About this task:
Transcribe every line of the entries exactly.
::::
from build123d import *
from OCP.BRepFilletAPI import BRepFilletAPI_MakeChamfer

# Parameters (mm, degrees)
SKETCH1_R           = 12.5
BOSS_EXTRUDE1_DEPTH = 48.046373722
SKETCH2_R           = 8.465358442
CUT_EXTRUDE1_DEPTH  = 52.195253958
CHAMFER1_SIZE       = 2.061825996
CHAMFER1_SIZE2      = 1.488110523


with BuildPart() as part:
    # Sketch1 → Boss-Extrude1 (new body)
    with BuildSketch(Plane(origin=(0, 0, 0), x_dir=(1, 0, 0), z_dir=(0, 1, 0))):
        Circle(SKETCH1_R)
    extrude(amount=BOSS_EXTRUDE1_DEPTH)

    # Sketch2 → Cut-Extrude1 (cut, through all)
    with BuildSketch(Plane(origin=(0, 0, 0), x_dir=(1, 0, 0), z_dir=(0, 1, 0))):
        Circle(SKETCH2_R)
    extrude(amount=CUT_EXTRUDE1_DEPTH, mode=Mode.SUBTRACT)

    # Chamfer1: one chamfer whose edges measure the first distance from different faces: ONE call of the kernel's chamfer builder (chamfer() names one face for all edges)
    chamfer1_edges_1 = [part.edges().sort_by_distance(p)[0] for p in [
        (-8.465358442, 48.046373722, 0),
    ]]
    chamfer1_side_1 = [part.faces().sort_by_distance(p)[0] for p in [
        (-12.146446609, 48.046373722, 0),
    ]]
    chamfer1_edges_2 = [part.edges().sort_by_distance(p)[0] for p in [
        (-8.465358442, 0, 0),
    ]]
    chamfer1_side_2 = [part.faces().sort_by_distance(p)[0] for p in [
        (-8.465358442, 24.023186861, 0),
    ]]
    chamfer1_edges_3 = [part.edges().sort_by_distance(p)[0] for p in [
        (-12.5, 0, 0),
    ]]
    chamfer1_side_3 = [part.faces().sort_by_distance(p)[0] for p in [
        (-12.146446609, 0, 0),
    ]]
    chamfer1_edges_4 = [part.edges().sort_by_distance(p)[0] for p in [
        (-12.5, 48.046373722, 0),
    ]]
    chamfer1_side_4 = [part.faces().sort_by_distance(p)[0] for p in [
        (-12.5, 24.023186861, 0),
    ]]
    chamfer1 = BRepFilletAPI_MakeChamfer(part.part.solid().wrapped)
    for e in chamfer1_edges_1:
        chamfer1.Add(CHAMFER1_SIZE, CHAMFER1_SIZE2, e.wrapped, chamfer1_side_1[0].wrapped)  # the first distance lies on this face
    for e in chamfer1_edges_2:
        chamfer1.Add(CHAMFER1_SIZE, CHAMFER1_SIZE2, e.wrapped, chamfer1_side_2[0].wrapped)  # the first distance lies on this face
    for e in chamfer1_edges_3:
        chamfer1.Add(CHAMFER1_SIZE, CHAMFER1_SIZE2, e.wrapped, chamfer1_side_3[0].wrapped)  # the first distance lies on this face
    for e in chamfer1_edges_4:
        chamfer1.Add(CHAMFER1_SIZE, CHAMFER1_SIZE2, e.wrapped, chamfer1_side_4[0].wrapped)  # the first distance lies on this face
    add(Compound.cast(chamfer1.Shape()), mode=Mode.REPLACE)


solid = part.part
::::
Final answer:
from build123d import *
from OCP.BRepFilletAPI import BRepFilletAPI_MakeChamfer

# Parameters (mm, degrees)
SKETCH1_R           = 12.5
BOSS_EXTRUDE1_DEPTH = 48.046373722
SKETCH2_R           = 8.465358442
CUT_EXTRUDE1_DEPTH  = 52.195253958
CHAMFER1_SIZE       = 2.061825996
CHAMFER1_SIZE2      = 1.488110523


with BuildPart() as part:
    # Sketch1 → Boss-Extrude1 (new body)
    with BuildSketch(Plane(origin=(0, 0, 0), x_dir=(1, 0, 0), z_dir=(0, 1, 0))):
        Circle(SKETCH1_R)
    extrude(amount=BOSS_EXTRUDE1_DEPTH)

    # Sketch2 → Cut-Extrude1 (cut, through all)
    with BuildSketch(Plane(origin=(0, 0, 0), x_dir=(1, 0, 0), z_dir=(0, 1, 0))):
        Circle(SKETCH2_R)
    extrude(amount=CUT_EXTRUDE1_DEPTH, mode=Mode.SUBTRACT)

    # Chamfer1: one chamfer whose edges measure the first distance from different faces: ONE call of the kernel's chamfer builder (chamfer() names one face for all edges)
    chamfer1_edges_1 = [part.edges().sort_by_distance(p)[0] for p in [
        (-8.465358442, 48.046373722, 0),
    ]]
    chamfer1_side_1 = [part.faces().sort_by_distance(p)[0] for p in [
        (-12.146446609, 48.046373722, 0),
    ]]
    chamfer1_edges_2 = [part.edges().sort_by_distance(p)[0] for p in [
        (-8.465358442, 0, 0),
    ]]
    chamfer1_side_2 = [part.faces().sort_by_distance(p)[0] for p in [
        (-8.465358442, 24.023186861, 0),
    ]]
    chamfer1_edges_3 = [part.edges().sort_by_distance(p)[0] for p in [
        (-12.5, 0, 0),
    ]]
    chamfer1_side_3 = [part.faces().sort_by_distance(p)[0] for p in [
        (-12.146446609, 0, 0),
    ]]
    chamfer1_edges_4 = [part.edges().sort_by_distance(p)[0] for p in [
        (-12.5, 48.046373722, 0),
    ]]
    chamfer1_side_4 = [part.faces().sort_by_distance(p)[0] for p in [
        (-12.5, 24.023186861, 0),
    ]]
    chamfer1 = BRepFilletAPI_MakeChamfer(part.part.solid().wrapped)
    for e in chamfer1_edges_1:
        chamfer1.Add(CHAMFER1_SIZE, CHAMFER1_SIZE2, e.wrapped, chamfer1_side_1[0].wrapped)  # the first distance lies on this face
    for e in chamfer1_edges_2:
        chamfer1.Add(CHAMFER1_SIZE, CHAMFER1_SIZE2, e.wrapped, chamfer1_side_2[0].wrapped)  # the first distance lies on this face
    for e in chamfer1_edges_3:
        chamfer1.Add(CHAMFER1_SIZE, CHAMFER1_SIZE2, e.wrapped, chamfer1_side_3[0].wrapped)  # the first distance lies on this face
    for e in chamfer1_edges_4:
        chamfer1.Add(CHAMFER1_SIZE, CHAMFER1_SIZE2, e.wrapped, chamfer1_side_4[0].wrapped)  # the first distance lies on this face
    add(Compound.cast(chamfer1.Shape()), mode=Mode.REPLACE)


solid = part.part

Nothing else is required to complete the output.